WH trying to pre-empt sticker shock on September premium increases

And well they might. Insurers got a close look at the profiles of the enrollees in the individual health-insurance market this spring, and they turned out to be sicker than projected, as the “young invincibles” took a pass on ObamaCare in 2014. That means that premiums will go up in the fall in order to cover the added expense of the higher-risk enrollments — and that has the Obama administration spin team working extra hard this summer to cover their rear ends just before the midterms:

Most state health insurance rates for 2015 are scheduled to be approved by early fall, and most are likely to rise, timing that couldn’t be worse for Democrats already on defense in the midterms.

The White House and its allies know they’ve been beaten in every previous round of Obamacare messaging, never more devastatingly than in 2010. And they know the results this November could hinge in large part on whether that happens again.

So they’re trying to avoid — or at least, get ahead of — any September surprise.

This assumes that the problems with ObamaCare only have to do with messaging. That’s only true to the extent that the previous messaging from the administration has been proven either entirely wrong or flat-out lies. “You can keep your plan” ended up as the Lie of the Year for 2013 when millions of people who already had insurance got kicked out of their existing plans for 2014, and forced to pay more for less coverage in many instances. Barack Obama had promised that his reforms would lower premiums by $2500 a year for a family of four, but premiums have skyrocketed since the passage of ObamaCare, and they’ll do the same again in September.
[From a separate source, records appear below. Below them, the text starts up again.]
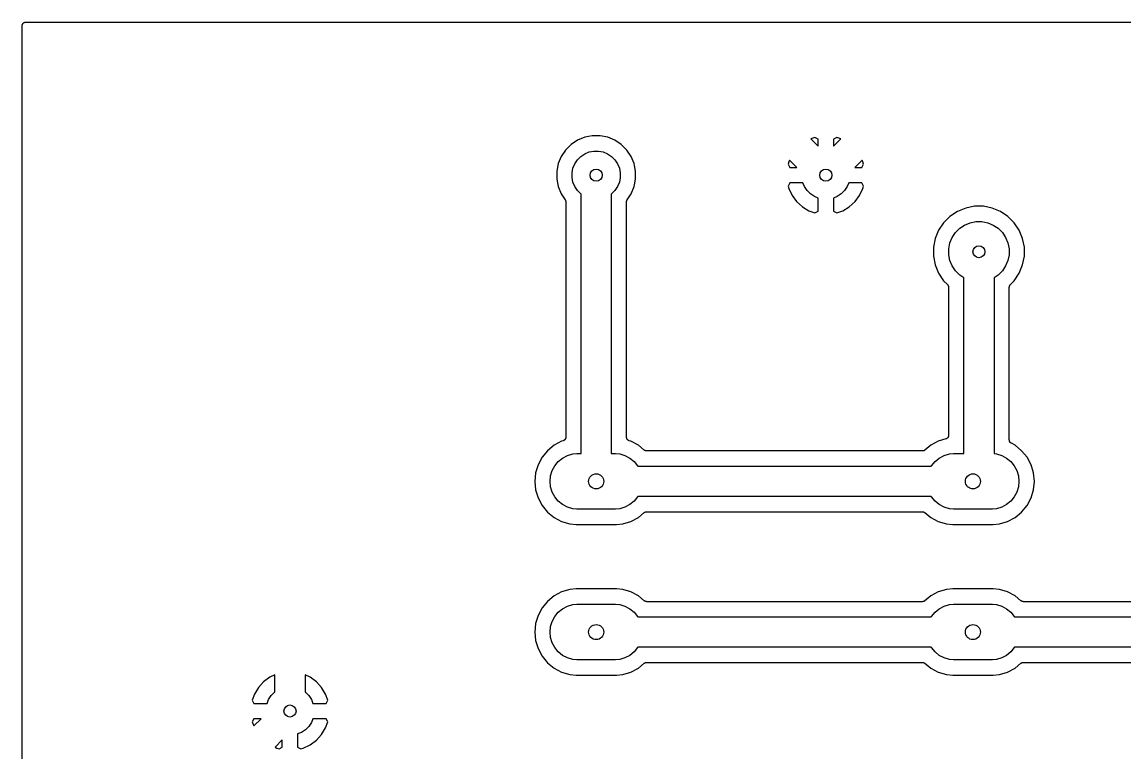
# Model space of a CAD drawing. Extents: x 4.55 to 7.45, y -4.55 to -2.5.
# Drawn here: x 4.55 to 5.991, y -3.455 to -2.5 of the extents above; entities that cross this region are included whole.
import ezdxf

# ---------------------------------------------------------------- set-up
doc = ezdxf.new("R2010")
doc.units = 0
doc.header["$MEASUREMENT"] = 0
doc.layers.add('BLACK', color=7, linetype='CONTINUOUS')

msp = doc.modelspace()

# ---------------------------------------------------------------- linework, layer by layer
at = {"layer": 'BLACK', "linetype": 'CONTINUOUS'}
for p, q in [((4.55, -2.50493), (4.55005, -2.50446)), ((4.55, -2.50496), (4.55, -2.50493)), ((4.55, -2.50497), (4.55, -2.50496)), ((4.55, -2.50497), (4.55, -2.50497)), ((4.55, -2.505), (4.55, -2.50497)), ((4.55, -4.545), (4.55, -2.505)), ((4.55005, -2.50446), (4.5501, -2.50399)), ((4.5501, -2.50399), (4.55011, -2.50398)), ((4.55011, -2.50396), (4.55025, -2.50351)), ((4.55011, -2.50398), (4.55011, -2.50396)), ((4.55025, -2.50351), (4.55039, -2.50306)), ((4.55039, -2.50306), (4.5504, -2.50305)), ((4.5504, -2.50303), (4.55063, -2.50262)), ((4.5504, -2.50305), (4.5504, -2.50303)), ((4.55063, -2.50262), (4.55085, -2.5022)), ((4.55085, -2.5022), (4.55087, -2.50219)), ((4.55087, -2.50218), (4.55118, -2.50182)), ((4.55087, -2.50219), (4.55087, -2.50218)), ((4.55118, -2.50182), (4.55148, -2.50145)), ((4.55148, -2.50145), (4.55149, -2.50144)), ((4.55149, -2.50144), (4.5515, -2.50143)), ((4.5515, -2.50143), (4.55187, -2.50113)), ((4.55187, -2.50113), (4.55223, -2.50084)), ((4.55223, -2.50084), (4.55225, -2.50083)), ((4.55225, -2.50083), (4.55226, -2.50082)), ((4.55226, -2.50082), (4.55268, -2.5006)), ((4.55268, -2.5006), (4.55309, -2.50038)), ((4.55309, -2.50038), (4.55311, -2.50037)), ((4.55311, -2.50037), (4.55313, -2.50036)), ((4.55313, -2.50036), (4.55358, -2.50023)), ((4.55358, -2.50023), (4.55403, -2.5001)), ((4.55403, -2.5001), (4.55405, -2.50009)), ((4.55405, -2.50009), (4.55406, -2.50009)), ((4.55406, -2.50009), (4.55453, -2.50005)), ((4.55453, -2.50005), (4.555, -2.5)), ((4.555, -2.5), (7.445, -2.5)), ((5.28498, -2.65048), (5.27561, -2.65436)), ((5.29493, -2.6485), (5.28498, -2.65048)), ((5.30507, -2.6485), (5.29493, -2.6485)), ((5.31502, -2.65048), (5.30507, -2.6485)), ((5.32439, -2.65436), (5.31502, -2.65048)), ((5.58583, -2.65066), (5.58044, -2.6526)), ((5.59, -2.65294), (5.58583, -2.65066)), ((5.61417, -2.65066), (5.61, -2.65294)), ((5.61956, -2.6526), (5.61417, -2.65066)), ((5.26717, -2.66), (5.26, -2.66717)), ((5.27561, -2.65436), (5.26717, -2.66)), ((5.33283, -2.66), (5.32439, -2.65436)), ((5.34, -2.66717), (5.33283, -2.66)), ((5.58044, -2.6526), (5.59, -2.66216)), ((5.59, -2.66216), (5.59, -2.65294)), ((5.61, -2.66216), (5.61956, -2.6526)), ((5.61, -2.65294), (5.61, -2.66216)), ((5.25436, -2.67561), (5.25048, -2.68498)), ((5.26, -2.66717), (5.25436, -2.67561)), ((5.27554, -2.67992), (5.27992, -2.67554)), ((5.27992, -2.67554), (5.28508, -2.67209)), ((5.28508, -2.67209), (5.29081, -2.66971)), ((5.29081, -2.66971), (5.2969, -2.6685)), ((5.2969, -2.6685), (5.3031, -2.6685)), ((5.3031, -2.6685), (5.30919, -2.66971)), ((5.30919, -2.66971), (5.31492, -2.67209)), ((5.31492, -2.67209), (5.32008, -2.67554)), ((5.32008, -2.67554), (5.32446, -2.67992)), ((5.34564, -2.67561), (5.34, -2.66717)), ((5.34952, -2.68498), (5.34564, -2.67561)), ((5.25048, -2.68498), (5.2485, -2.69493)), ((5.2685, -2.6969), (5.26971, -2.69081)), ((5.26971, -2.69081), (5.27209, -2.68508)), ((5.27209, -2.68508), (5.27554, -2.67992)), ((5.32446, -2.67992), (5.32791, -2.68508)), ((5.32791, -2.68508), (5.33029, -2.69081)), ((5.33029, -2.69081), (5.3315, -2.6969)), ((5.34997, -2.68723), (5.34952, -2.68498)), ((5.3515, -2.69493), (5.34997, -2.68723)), ((5.55148, -2.68278), (5.5506, -2.6857)), ((5.5506, -2.6857), (5.55296, -2.69)), ((5.55259, -2.68043), (5.55148, -2.68278)), ((5.56216, -2.69), (5.55259, -2.68043)), ((5.55296, -2.69), (5.56216, -2.69)), ((5.64741, -2.68043), (5.63784, -2.69)), ((5.63784, -2.69), (5.64704, -2.69)), ((5.64704, -2.69), (5.6494, -2.6857)), ((5.64852, -2.68278), (5.64741, -2.68043)), ((5.6494, -2.6857), (5.64852, -2.68278)), ((5.2485, -2.69493), (5.2485, -2.70507)), ((5.2485, -2.70507), (5.25048, -2.71502)), ((5.2685, -2.7031), (5.2685, -2.6969)), ((5.26971, -2.70919), (5.2685, -2.7031)), ((5.3315, -2.7031), (5.33029, -2.70919)), ((5.3315, -2.6969), (5.3315, -2.7031)), ((5.34997, -2.71277), (5.3515, -2.70507)), ((5.3515, -2.70507), (5.3515, -2.69493)), ((5.25048, -2.71502), (5.25436, -2.72439)), ((5.27209, -2.71492), (5.26971, -2.70919)), ((5.27554, -2.72008), (5.27209, -2.71492)), ((5.27992, -2.72446), (5.27554, -2.72008)), ((5.32446, -2.72008), (5.32008, -2.72446)), ((5.32791, -2.71492), (5.32446, -2.72008)), ((5.33029, -2.70919), (5.32791, -2.71492)), ((5.34564, -2.72439), (5.34952, -2.71502)), ((5.34952, -2.71502), (5.34997, -2.71277)), ((5.34997, -2.71277), (5.34997, -2.71277)), ((5.55296, -2.71), (5.5506, -2.7143)), ((5.5506, -2.7143), (5.55148, -2.71722)), ((5.55148, -2.71722), (5.55584, -2.72645)), ((5.57005, -2.71), (5.55296, -2.71)), ((5.57209, -2.71492), (5.57005, -2.71)), ((5.57554, -2.72008), (5.57209, -2.71492)), ((5.57992, -2.72446), (5.57554, -2.72008)), ((5.62446, -2.72008), (5.62008, -2.72446)), ((5.62791, -2.71492), (5.62446, -2.72008)), ((5.62995, -2.71), (5.62791, -2.71492)), ((5.64704, -2.71), (5.62995, -2.71)), ((5.64416, -2.72645), (5.64852, -2.71722)), ((5.6494, -2.7143), (5.64704, -2.71)), ((5.64852, -2.71722), (5.6494, -2.7143)), ((5.25436, -2.72439), (5.25947, -2.73204)), ((5.25947, -2.73204), (5.25948, -2.73205)), ((5.25948, -2.73205), (5.25948, -2.73205)), ((5.25948, -2.73205), (5.25948, -2.73205)), ((5.25948, -2.73205), (5.25951, -2.73209)), ((5.25951, -2.73209), (5.25972, -2.73251)), ((5.25972, -2.73251), (5.25994, -2.73291)), ((5.25994, -2.73291), (5.25995, -2.73294)), ((5.25995, -2.73294), (5.25996, -2.73296)), ((5.25996, -2.73296), (5.26009, -2.7334)), ((5.26009, -2.7334), (5.26022, -2.73384)), ((5.26022, -2.73384), (5.26022, -2.73387)), ((5.26022, -2.73387), (5.26023, -2.7339)), ((5.26023, -2.7339), (5.26027, -2.73436)), ((5.26027, -2.73436), (5.26031, -2.73481)), ((5.26031, -2.73481), (5.26032, -3.04222)), ((5.28031, -2.72473), (5.27992, -2.72446)), ((5.28031, -3.06358), (5.28031, -2.72473)), ((5.32008, -2.72446), (5.31969, -2.72473)), ((5.31969, -2.72473), (5.31969, -3.06358)), ((5.33969, -2.73474), (5.33974, -2.73429)), ((5.33969, -2.7348), (5.33969, -2.73474)), ((5.33969, -2.73481), (5.33969, -2.7348)), ((5.33969, -2.7348), (5.33969, -2.7348)), ((5.33969, -2.7348), (5.33969, -2.7348)), ((5.33969, -3.04222), (5.33969, -2.73481)), ((5.33974, -2.73429), (5.33978, -2.73383)), ((5.33978, -2.73383), (5.33979, -2.7338)), ((5.33979, -2.73377), (5.33993, -2.73333)), ((5.33979, -2.7338), (5.33979, -2.73377)), ((5.33993, -2.73333), (5.34007, -2.7329)), ((5.34007, -2.7329), (5.34008, -2.73287)), ((5.34008, -2.73287), (5.34009, -2.73284)), ((5.34009, -2.73284), (5.34031, -2.73244)), ((5.34031, -2.73244), (5.34053, -2.73204)), ((5.34053, -2.73204), (5.34564, -2.72439)), ((5.55584, -2.72645), (5.56185, -2.73456)), ((5.56185, -2.73456), (5.56933, -2.74133)), ((5.58508, -2.72791), (5.57992, -2.72446)), ((5.59, -2.72995), (5.58508, -2.72791)), ((5.59, -2.74706), (5.59, -2.72995)), ((5.61492, -2.72791), (5.61, -2.72995)), ((5.61, -2.72995), (5.61, -2.74706)), ((5.62008, -2.72446), (5.61492, -2.72791)), ((5.63067, -2.74133), (5.63815, -2.73456)), ((5.63815, -2.73456), (5.64416, -2.72645)), ((5.56933, -2.74133), (5.57798, -2.74652)), ((5.57798, -2.74652), (5.58583, -2.74934)), ((5.58583, -2.74934), (5.59, -2.74706)), ((5.61, -2.74706), (5.61417, -2.74934)), ((5.61417, -2.74934), (5.62202, -2.74652)), ((5.62202, -2.74652), (5.63067, -2.74133)), ((5.77188, -2.74739), (5.76215, -2.75388)), ((5.78268, -2.74291), (5.77188, -2.74739)), ((5.79415, -2.74063), (5.78268, -2.74291)), ((5.80585, -2.74063), (5.79415, -2.74063)), ((5.81732, -2.74291), (5.80585, -2.74063)), ((5.82812, -2.74739), (5.81732, -2.74291)), ((5.83785, -2.75388), (5.82812, -2.74739)), ((5.75388, -2.76215), (5.74739, -2.77188)), ((5.76215, -2.75388), (5.75388, -2.76215)), ((5.7749, -2.76942), (5.78135, -2.76511)), ((5.78135, -2.76511), (5.78852, -2.76214)), ((5.78852, -2.76214), (5.79612, -2.76063)), ((5.79612, -2.76063), (5.80388, -2.76063)), ((5.80388, -2.76063), (5.81148, -2.76214)), ((5.81148, -2.76214), (5.81865, -2.76511)), ((5.81865, -2.76511), (5.8251, -2.76942)), ((5.84612, -2.76215), (5.83785, -2.75388)), ((5.85261, -2.77188), (5.84612, -2.76215)), ((5.74739, -2.77188), (5.74291, -2.78268)), ((5.76511, -2.78135), (5.76942, -2.7749)), ((5.76942, -2.7749), (5.7749, -2.76942)), ((5.8251, -2.76942), (5.83058, -2.7749)), ((5.83058, -2.7749), (5.83489, -2.78135)), ((5.85709, -2.78268), (5.85261, -2.77188)), ((5.74291, -2.78268), (5.74063, -2.79415)), ((5.74063, -2.79415), (5.74063, -2.80585)), ((5.76063, -2.79612), (5.76214, -2.78852)), ((5.76214, -2.78852), (5.76511, -2.78135)), ((5.83489, -2.78135), (5.83786, -2.78852)), ((5.83786, -2.78852), (5.83937, -2.79612)), ((5.85937, -2.79415), (5.85709, -2.78268)), ((5.85937, -2.80585), (5.85937, -2.79415)), ((5.74063, -2.80585), (5.74291, -2.81732)), ((5.76063, -2.80388), (5.76063, -2.79612)), ((5.76214, -2.81148), (5.76063, -2.80388)), ((5.83937, -2.80388), (5.83786, -2.81148)), ((5.83937, -2.79612), (5.83937, -2.80388)), ((5.85709, -2.81732), (5.85937, -2.80585)), ((5.74291, -2.81732), (5.74739, -2.82812)), ((5.76511, -2.81865), (5.76214, -2.81148)), ((5.76942, -2.8251), (5.76511, -2.81865)), ((5.83489, -2.81865), (5.83058, -2.8251)), ((5.83786, -2.81148), (5.83489, -2.81865)), ((5.85261, -2.82812), (5.85709, -2.81732)), ((5.74739, -2.82812), (5.75388, -2.83785)), ((5.75388, -2.83785), (5.75885, -2.84281)), ((5.7749, -2.83058), (5.76942, -2.8251)), ((5.78031, -2.8342), (5.7749, -2.83058)), ((5.78031, -3.06358), (5.78031, -2.8342)), ((5.8251, -2.83058), (5.81969, -2.8342)), ((5.81969, -2.8342), (5.81969, -3.0638)), ((5.83058, -2.8251), (5.8251, -2.83058)), ((5.84115, -2.84281), (5.84612, -2.83785)), ((5.84612, -2.83785), (5.85261, -2.82812)), ((5.75885, -2.84281), (5.75886, -2.84282)), ((5.75886, -2.84282), (5.75886, -2.84282)), ((5.75886, -2.84282), (5.75886, -2.84283)), ((5.75886, -2.84283), (5.7589, -2.84286)), ((5.7589, -2.84286), (5.75919, -2.84322)), ((5.75919, -2.84322), (5.75948, -2.84358)), ((5.75948, -2.84358), (5.75949, -2.8436)), ((5.75949, -2.8436), (5.75951, -2.84362)), ((5.75951, -2.84362), (5.75972, -2.84404)), ((5.75972, -2.84404), (5.75994, -2.84444)), ((5.75994, -2.84444), (5.75995, -2.84447)), ((5.75995, -2.84447), (5.75996, -2.84449)), ((5.75996, -2.84449), (5.76009, -2.84494)), ((5.76009, -2.84494), (5.76022, -2.84538)), ((5.76022, -2.84538), (5.76022, -2.8454)), ((5.76022, -2.8454), (5.76023, -2.84543)), ((5.76023, -2.84543), (5.76027, -2.84589)), ((5.76027, -2.84589), (5.76031, -2.84635)), ((5.76031, -2.84635), (5.76032, -3.03983)), ((5.83969, -2.84628), (5.83974, -2.84582)), ((5.83969, -2.84633), (5.83969, -2.84628)), ((5.83969, -2.84635), (5.83969, -2.84633)), ((5.83969, -2.84633), (5.83969, -2.84633)), ((5.83969, -2.84633), (5.83969, -2.84633)), ((5.83969, -3.04585), (5.83969, -2.84635)), ((5.83974, -2.84582), (5.83978, -2.84536)), ((5.83978, -2.84536), (5.83979, -2.84533)), ((5.83979, -2.84531), (5.83993, -2.84487)), ((5.83979, -2.84533), (5.83979, -2.84531)), ((5.83993, -2.84487), (5.84007, -2.84443)), ((5.84007, -2.84443), (5.84008, -2.8444)), ((5.84008, -2.8444), (5.84009, -2.84438)), ((5.84009, -2.84438), (5.84031, -2.84397)), ((5.84031, -2.84397), (5.84053, -2.84357)), ((5.84053, -2.84357), (5.84055, -2.84355)), ((5.84055, -2.84355), (5.84056, -2.84352)), ((5.84056, -2.84352), (5.84086, -2.84317)), ((5.84086, -2.84317), (5.84115, -2.84281)), ((5.76031, -3.0399), (5.76029, -3.04012)), ((5.76032, -3.03983), (5.76031, -3.0399)), ((5.24492, -3.05286), (5.23633, -3.05991)), ((5.25472, -3.04763), (5.24492, -3.05286)), ((5.25677, -3.04701), (5.25472, -3.04763)), ((5.25697, -3.04692), (5.25677, -3.04701)), ((5.25719, -3.04686), (5.25697, -3.04692)), ((5.25742, -3.04673), (5.25719, -3.04686)), ((5.25767, -3.04663), (5.25742, -3.04673)), ((5.25785, -3.04651), (5.25767, -3.04663)), ((5.25805, -3.0464), (5.25785, -3.04651)), ((5.25826, -3.04624), (5.25805, -3.0464)), ((5.25848, -3.04609), (5.25826, -3.04624)), ((5.25864, -3.04593), (5.25848, -3.04609)), ((5.25881, -3.04579), (5.25864, -3.04593)), ((5.25898, -3.04559), (5.25881, -3.04579)), ((5.25917, -3.0454), (5.25898, -3.04559)), ((5.2593, -3.04522), (5.25917, -3.0454)), ((5.25944, -3.04505), (5.2593, -3.04522)), ((5.25957, -3.04481), (5.25944, -3.04505)), ((5.25972, -3.04459), (5.25957, -3.04481)), ((5.2598, -3.04439), (5.25972, -3.04459)), ((5.25991, -3.04419), (5.2598, -3.04439)), ((5.25999, -3.04394), (5.25991, -3.04419)), ((5.26009, -3.04369), (5.25999, -3.04394)), ((5.26014, -3.04347), (5.26009, -3.04369)), ((5.26021, -3.04326), (5.26014, -3.04347)), ((5.26024, -3.043), (5.26021, -3.04326)), ((5.26029, -3.04274), (5.26024, -3.043)), ((5.26031, -3.04229), (5.26029, -3.04251)), ((5.26029, -3.04251), (5.26029, -3.04274)), ((5.26032, -3.04222), (5.26031, -3.04229)), ((5.33971, -3.04244), (5.33969, -3.04222)), ((5.33971, -3.04267), (5.33971, -3.04244)), ((5.33975, -3.04293), (5.33971, -3.04267)), ((5.33978, -3.04319), (5.33975, -3.04293)), ((5.33984, -3.04341), (5.33978, -3.04319)), ((5.33989, -3.04363), (5.33984, -3.04341)), ((5.33999, -3.04387), (5.33989, -3.04363)), ((5.34006, -3.04413), (5.33999, -3.04387)), ((5.34017, -3.04432), (5.34006, -3.04413)), ((5.34025, -3.04453), (5.34017, -3.04432)), ((5.3404, -3.04475), (5.34025, -3.04453)), ((5.34052, -3.04499), (5.3404, -3.04475)), ((5.34066, -3.04516), (5.34052, -3.04499)), ((5.34078, -3.04535), (5.34066, -3.04516)), ((5.34097, -3.04554), (5.34078, -3.04535)), ((5.34114, -3.04574), (5.34097, -3.04554)), ((5.34131, -3.04589), (5.34114, -3.04574)), ((5.34147, -3.04605), (5.34131, -3.04589)), ((5.34168, -3.0462), (5.34147, -3.04605)), ((5.34189, -3.04637), (5.34168, -3.0462)), ((5.34209, -3.04647), (5.34189, -3.04637)), ((5.34227, -3.0466), (5.34209, -3.04647)), ((5.34251, -3.0467), (5.34227, -3.0466)), ((5.34275, -3.04683), (5.34251, -3.0467)), ((5.34296, -3.0469), (5.34275, -3.04683)), ((5.34317, -3.04698), (5.34296, -3.0469)), ((5.34323, -3.04701), (5.34317, -3.04698)), ((5.34528, -3.04763), (5.34323, -3.04701)), ((5.35508, -3.05286), (5.34528, -3.04763)), ((5.36277, -3.05918), (5.35508, -3.05286)), ((5.73705, -3.05286), (5.72935, -3.05918)), ((5.74685, -3.04763), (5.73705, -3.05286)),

This isn’t a messaging issue at all any longer. This is a pocketbook issue:

With Democrats looking to hang on to Senate seats in many Republican-leaning states, they’ll be hoping that the final numbers don’t come in anywhere near the 24.6 percent hike that report from the anti-Obamacare Heritage Foundation projected for a family of four in Arkansas, or even the 13.1 percent increase in Alaska or 12.4 percent in Louisiana.

So far, although no state has finalized its rate, 21 have posted bids for 2015. Average preliminary premiums went up in all 21, though only a few by double digits.

Remember how ObamaCare was supposed to “bend the cost curve downward”? Good times, good times. And the real problem for the White House won’t be the second round of price increases in the individual markets this fall. It will be the price spikes in the employer-based group markets, which will impact tens of millions of Americans. Businesses will have to start planning for those premium hikes in the next few weeks, and the increases in premiums, co-pays, and reductions in coverage and/or provider networks will be apparent to these voters at the beginning of October — a month or so before the midterms.

The White House can prep the spin all it wants, but they shot their credibility with the “you can keep your plan” and “cost curve” promises long ago. Spin won’t help to do much but artificially raise the morale of the True Believers, a circle that grows smaller and smaller as time wears on, as Obama’s approval ratings demonstrate.

Meanwhile, the entire subsidy structure might collapse today or this week at the appellate court … but don’t count on it:

The U.S. Court of Appeals for the D.C. Circuit is expected to rule any day now in a lawsuit that aims to block the law’s insurance subsidies in more than half the country. If the challengers ultimately prevail, the Affordable Care Act’s complex framework could begin to unravel as millions of people lose financial assistance.

For now, the stakes are a lot higher than the odds of success—challenges to the insurance subsidies have a 0-2 record in federal courts. But the pending D.C. Circuit ruling may be the one to break that streak, according to legal experts on both sides of the issue.

A three-judge panel heard oral arguments in the case, Halbig v. Sebelius, in March. Two judges appeared to split along partisan lines, leaving Judge Thomas Griffith, a George W. Bush appointee, as the likely swing vote. Griffith seemed during oral arguments to at least be open to the challengers’ arguments, and perhaps leaning in their direction.

A ruling against the Obama administration wouldn’t immediately damage the Affordable Care Act, and it wouldn’t mean that the administration will ultimately lose. But it would give the challengers their first victory and ensure that the issue keeps moving through the courts.

Allahpundit and Gabriel Malor have already addressed Halbig, so be sure to read up on their primers. It seems unlikely that the court will overturn the exchanges based on the differences cited by the plaintiffs in this matter, but it’s still possible. The overall intent of Congress in the ACA was clearly to make subsidies available nationwide, and there seems to be little reason to consider the federal exchange out of bounds when the thrust of the ACA was to federalize control of the health-insurance market. Stranger things have happened in courts, though, like … calling the nation’s first peacetime command economy mandate a tax. The Origination Clause complaint has a chance along those lines, although also a long shot. I’m just not sure which is the longest long shot.